**Brief**
Beginning with the opening line of the entries, return every line through the one containing "# F2 (on Right) → F3 (new body)", both included, and nothing else. Omit pictures.

**Entries taken from a collection**
+++++
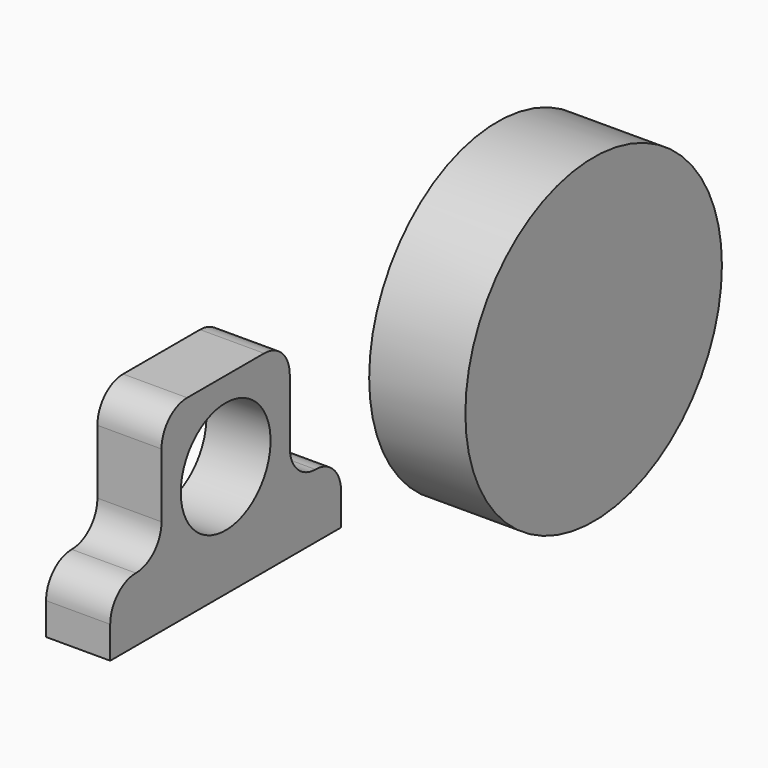
from build123d import *

# Parameters (mm, degrees)
F0_R     = 63.5
F1_DEPTH = 38.1
F2_W     = 63.5
F2_H     = 76.2
F3_DEPTH = 25.4
F5_D     = 44.45
F7_W     = 25.4
F7_H     = 25.4
F8_DEPTH = 25.4
F6_W     = 25.4
F6_H     = 25.4
F9_DEPTH = 25.4
F10_R    = 12.69999


# Not quite as in the source:
# - a fillet or chamfer is up to 0.001 mm smaller than in the source, because OpenCascade refuses the exact size


with BuildPart() as f1:
    # F0 (on Right) → F1 (new body)
    with BuildSketch(Plane.YZ):
        Circle(F0_R)
    extrude(amount=F1_DEPTH)


with BuildPart() as f3:
    # F2 (on Right) → F3 (new body)
    with BuildSketch(Plane.YZ):
        with Locations((-166.2890618503, 12.7576400614)):
            Rectangle(F2_W, F2_H)
    extrude(amount=F3_DEPTH)

    # F5 (through all)
    with Locations(Plane.YZ.offset(25.4)):
        with Locations((-166.2890618503, 19.1076400614)):
            Hole(F5_D / 2)

    # F7 (on face) → F8 (join)
    with BuildSketch(Plane(origin=(0, -134.5390618503, 0), x_dir=(-1, 0, 0), z_dir=(0, 1, 0))):
        with Locations((-12.7, -12.6423599386)):
            Rectangle(F7_W, F7_H)
    extrude(amount=F8_DEPTH)

    # F6 (on face) → F9 (join)
    with BuildSketch(Plane.XZ.offset(198.0390618503)):
        with Locations((12.7, -12.6423599386)):
            Rectangle(F6_W, F6_H)
    extrude(amount=F9_DEPTH)

    # F10 (radius 12.7 in the source; OpenCascade refuses exactly that, so slightly less here)
    f10_edges = [f3.edges().sort_by_distance(p)[0] for p in [
        (12.7, -223.439062, 0.05764),
        (12.7, -198.039062, 0.05764),
        (12.7, -198.039062, 50.85764),
        (12.7, -134.539062, 50.85764),
        (12.7, -134.539062, 0.05764),
        (12.7, -109.139062, 0.05764),
    ]]
    fillet(f10_edges, radius=F10_R)


solid = Compound([f1.part, f3.part])
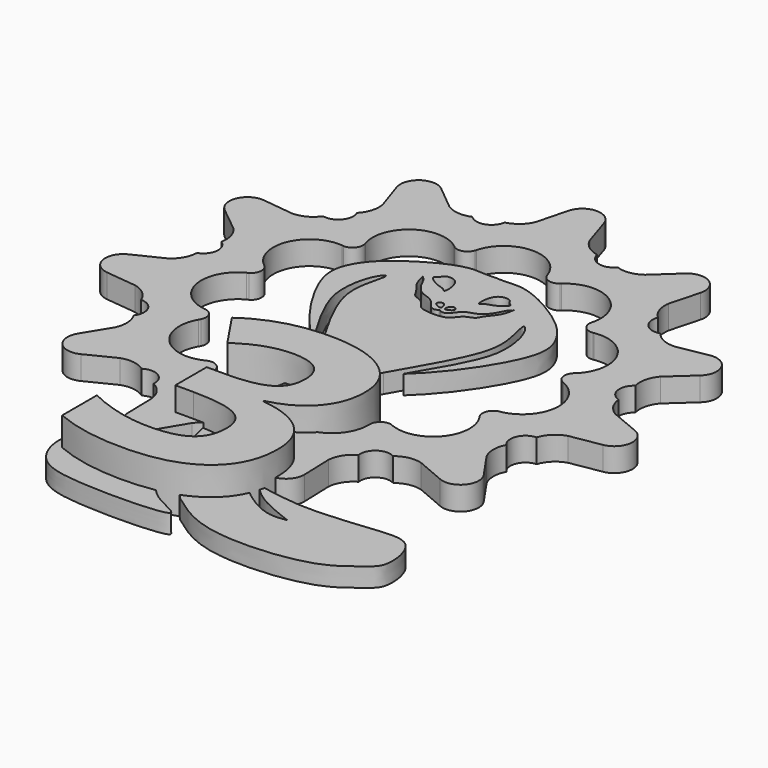
from build123d import *

# Parameters (mm, degrees)
F1_DEPTH     = 5
F3_DEPTH     = 4
F4_TEXT_SIZE = 71.6005038056
F5_DEPTH     = 10


# Not quite as in the source:
# - Text() gives the source's letters only with a copy of the font that has no kerning and outlines rounded to 1/6400 em; it was checked with that copy


with BuildPart() as f1:
    # F0 (on Top) → F1 (new body)
    with BuildSketch(Plane.XY):
        with BuildLine():
            ThreePointArc((-117.2096186083, -24.8238547917), (-113.9793205084, -29.5817996447), (-109.6649228447, -25.7793217897))
            ThreePointArc((-109.6649228447, -25.7793217897), (-109.7109933352, -25.1868355634), (-109.8480972803, -24.6085925984))
            ThreePointArc((-109.8480972803, -24.6085925984), (-113.6098018142, -21.9481109336), (-117.2096186083, -24.8238547917))
        make_face()
        with BuildLine():
            ThreePointArc((-109.8480972803, -24.6085925984), (-109.7109933352, -25.1868355634), (-109.6649228447, -25.7793217897))
            ThreePointArc((-109.6649228447, -25.7793217897), (-113.9793205084, -29.5817996447), (-117.2096186083, -24.8238547917))
            Line((-117.2096186083, -24.8238547917), (-118.8519075513, -31.2039032578))
            ThreePointArc((-118.8519075513, -31.2039032578), (-120.3942965539, -33.4215473324), (-122.7970570326, -34.6559099853))
            ThreePointArc((-122.7970570326, -34.6559099853), (-124.9522527799, -37.2281972482), (-128.2088887321, -36.4183498881))
            ThreePointArc((-128.2088887321, -36.4183498881), (-130.877743488, -36.8356308111), (-133.4302536555, -35.9515488457))
            Line((-133.4302536555, -35.9515488457), (-138.51463756, -31.7621369879))
            ThreePointArc((-138.51463756, -31.7621369879), (-143.1175497707, -31.5577284026), (-144.591163856, -35.923165977))
            Line((-144.591163856, -35.923165977), (-142.5234306131, -42.1782927254))
            ThreePointArc((-142.5234306131, -42.1782927254), (-142.6220219053, -44.8777720889), (-143.9760058128, -47.2152144208))
            ThreePointArc((-143.9760058128, -47.2152144208), (-144.3983883606, -50.5443469588), (-147.5758813994, -51.6237303294))
            ThreePointArc((-147.5758813994, -51.6237303294), (-149.595465792, -53.417661197), (-152.2207447845, -54.0539153038))
            Line((-152.2207447845, -54.0539153038), (-158.7629677579, -53.2783832483))
            ThreePointArc((-158.7629677579, -53.2783832483), (-162.7456955411, -55.594946024), (-161.6252448576, -60.0640817296))
            Line((-161.6252448576, -60.0640817296), (-156.5039801235, -64.2083282143))
            ThreePointArc((-156.5039801235, -64.2083282143), (-155.1274716666, -66.5325772424), (-155.0027986791, -69.2309778285))
            ThreePointArc((-155.0027986791, -69.2309778285), (-153.558264553, -72.2599795833), (-155.6477830895, -74.885897091))
            ThreePointArc((-155.6477830895, -74.885897091), (-156.376893344, -77.486917528), (-158.2414336307, -79.4415015236))
            Line((-158.2414336307, -79.4415015236), (-164.164386104, -82.3260752185))
            ThreePointArc((-164.164386104, -82.3260752185), (-166.2624415292, -86.428117042), (-162.9036612522, -89.5820318695))
            Line((-162.9036612522, -89.5820318695), (-156.3548303948, -90.2996291135))
            ThreePointArc((-156.3548303948, -90.2996291135), (-153.9402538979, -91.5107151622), (-152.3765068081, -93.7133508823))
            ThreePointArc((-152.3765068081, -93.7133508823), (-149.5236853864, -95.4805351987), (-149.8618220492, -98.8192765887))
            ThreePointArc((-149.8618220492, -98.8192765887), (-149.0689708113, -101.4015809842), (-149.5807940254, -104.0539282605))
            Line((-149.5807940254, -104.0539282605), (-153.003980438, -109.682775939))
            ThreePointArc((-153.003980438, -109.682775939), (-152.5512457318, -114.267927515), (-148.0205248672, -115.1052757913))
            Line((-148.0205248672, -115.1052757913), (-142.123335412, -112.1683917398))
            ThreePointArc((-142.123335412, -112.1683917398), (-139.4373018523, -111.8818035458), (-136.9309593122, -112.8893531219))
            ThreePointArc((-136.9309593122, -112.8893531219), (-133.5756012393, -112.8336514657), (-132.0550000271, -115.8251899371))
            ThreePointArc((-132.0550000271, -115.8251899371), (-129.9919119629, -117.5689148913), (-128.9885178503, -120.0769239287))
            Line((-128.9885178503, -120.0769239287), (-128.8251007032, -126.6629262244))
            ThreePointArc((-128.8251007032, -126.6629262244), (-125.965315936, -130.2754343246), (-121.7011263458, -128.5303638883))
            Line((-121.7011263458, -128.5303638883), (-118.3278942772, -122.8714384767))
            ThreePointArc((-118.3278942772, -122.8714384767), (-116.2232003313, -121.1781657666), (-113.5700083885, -120.6707393274))
            ThreePointArc((-113.5700083885, -120.6707393274), (-110.7774161447, -118.8098365809), (-107.8808571983, -120.5043798061))
            ThreePointArc((-107.8808571983, -120.5043798061), (-105.2025481911, -120.8559049667), (-103.0025072929, -122.4233006165))
            Line((-103.0025072929, -122.4233006165), (-99.3043703757, -127.8754483349))
            ThreePointArc((-99.3043703757, -127.8754483349), (-94.9454970048, -129.3683671623), (-92.3016887545, -125.594925547))
            Line((-92.3016887545, -125.594925547), (-92.5233914202, -119.0106276094))
            ThreePointArc((-92.5233914202, -119.0106276094), (-91.6682625448, -116.4482725046), (-89.7105908946, -114.586974359))
            ThreePointArc((-89.7105908946, -114.586974359), (-88.3673927857, -111.5116939958), (-85.0145131046, -111.371236474))
            ThreePointArc((-85.0145131046, -111.371236474), (-82.5713273401, -110.2189550861), (-79.8731370967, -110.3481003042))
            Line((-79.8731370967, -110.3481003042), (-73.8144127508, -112.9353750679))
            ThreePointArc((-73.8144127508, -112.9353750679), (-69.3403622731, -111.8347134433), (-69.156325802, -107.2309416998))
            Line((-69.156325802, -107.2309416998), (-72.9025741721, -101.811739309))
            ThreePointArc((-72.9025741721, -101.811739309), (-73.5685077432, -99.1938314505), (-72.9279033022, -96.5696106086))
            ThreePointArc((-72.9279033022, -96.5696106086), (-73.4605552373, -93.2563324151), (-70.7158704298, -91.325468417))
            ThreePointArc((-70.7158704298, -91.325468417), (-69.2835021255, -89.0352216797), (-66.9438188747, -87.6851137718))
            Line((-66.9438188747, -87.6851137718), (-60.4481092711, -86.5860741241))
            ThreePointArc((-60.4481092711, -86.5860741241), (-57.2793611012, -83.2412843363), (-59.6135266884, -79.2688474646))
            Line((-59.6135266884, -79.2688474646), (-65.6949133751, -76.7352990894))
            ThreePointArc((-65.6949133751, -76.7352990894), (-67.6704801891, -74.893005725), (-68.5503303411, -72.3390337622))
            ThreePointArc((-68.5503303411, -72.3390337622), (-70.7897190943, -69.8397001543), (-69.5246471938, -66.7314653564))
            ThreePointArc((-69.5246471938, -66.7314653564), (-69.5578631658, -64.0303904267), (-68.3195198083, -61.6296791142))
            Line((-68.3195198083, -61.6296791142), (-63.4491668495, -57.1932623778))
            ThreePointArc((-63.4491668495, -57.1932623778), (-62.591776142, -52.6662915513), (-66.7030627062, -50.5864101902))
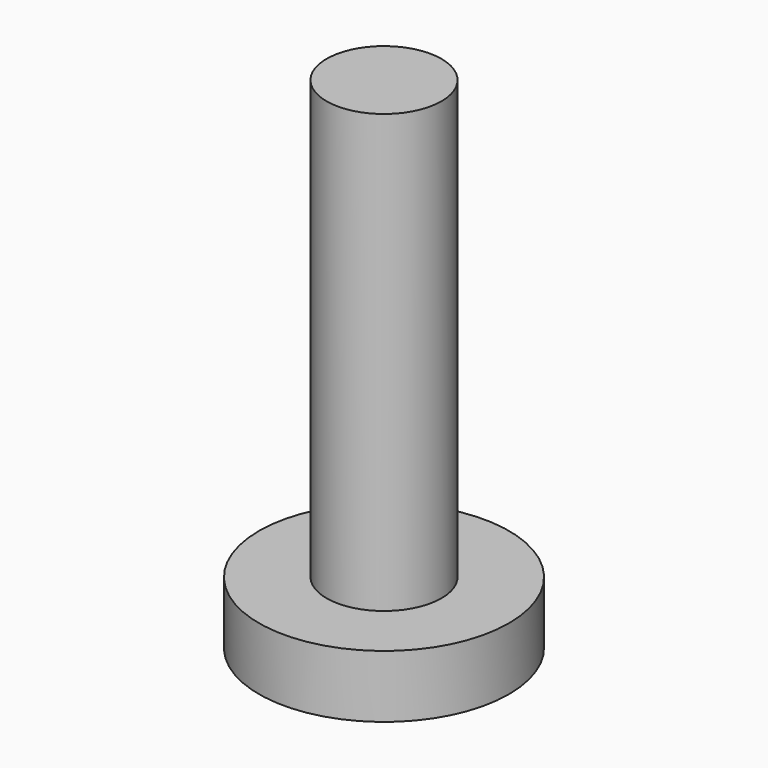
from build123d import *

# Parameters (mm, degrees)
F0_R     = 2.335
F1_DEPTH = 17.78
F2_R     = 5.08
F2_R_2   = 2.335
F3_DEPTH = 2.54


with BuildPart() as f1:
    # F0 (on Top) → F1 (new body)
    with BuildSketch(Plane.XY):
        Circle(F0_R)
    extrude(amount=F1_DEPTH)

    # F2 (on face) → F3 (join)
    with BuildSketch(Plane(origin=(0, 0, 0), x_dir=(1, 0, 0), z_dir=(0, 0, -1))):
        Circle(F2_R)
        Circle(F2_R_2, mode=Mode.SUBTRACT)
        Circle(F2_R_2)
    extrude(amount=F3_DEPTH)


solid = f1.part
+++++
**Reply**
from build123d import *

# Parameters (mm, degrees)
F0_R     = 63.5
F1_DEPTH = 38.1
F2_W     = 63.5
F2_H     = 76.2
F3_DEPTH = 25.4
F5_D     = 44.45
F7_W     = 25.4
F7_H     = 25.4
F8_DEPTH = 25.4
F6_W     = 25.4
F6_H     = 25.4
F9_DEPTH = 25.4
F10_R    = 12.69999


# Not quite as in the source:
# - a fillet or chamfer is up to 0.001 mm smaller than in the source, because OpenCascade refuses the exact size


with BuildPart() as f1:
    # F0 (on Right) → F1 (new body)
    with BuildSketch(Plane.YZ):
        Circle(F0_R)
    extrude(amount=F1_DEPTH)


with BuildPart() as f3:
    # F2 (on Right) → F3 (new body)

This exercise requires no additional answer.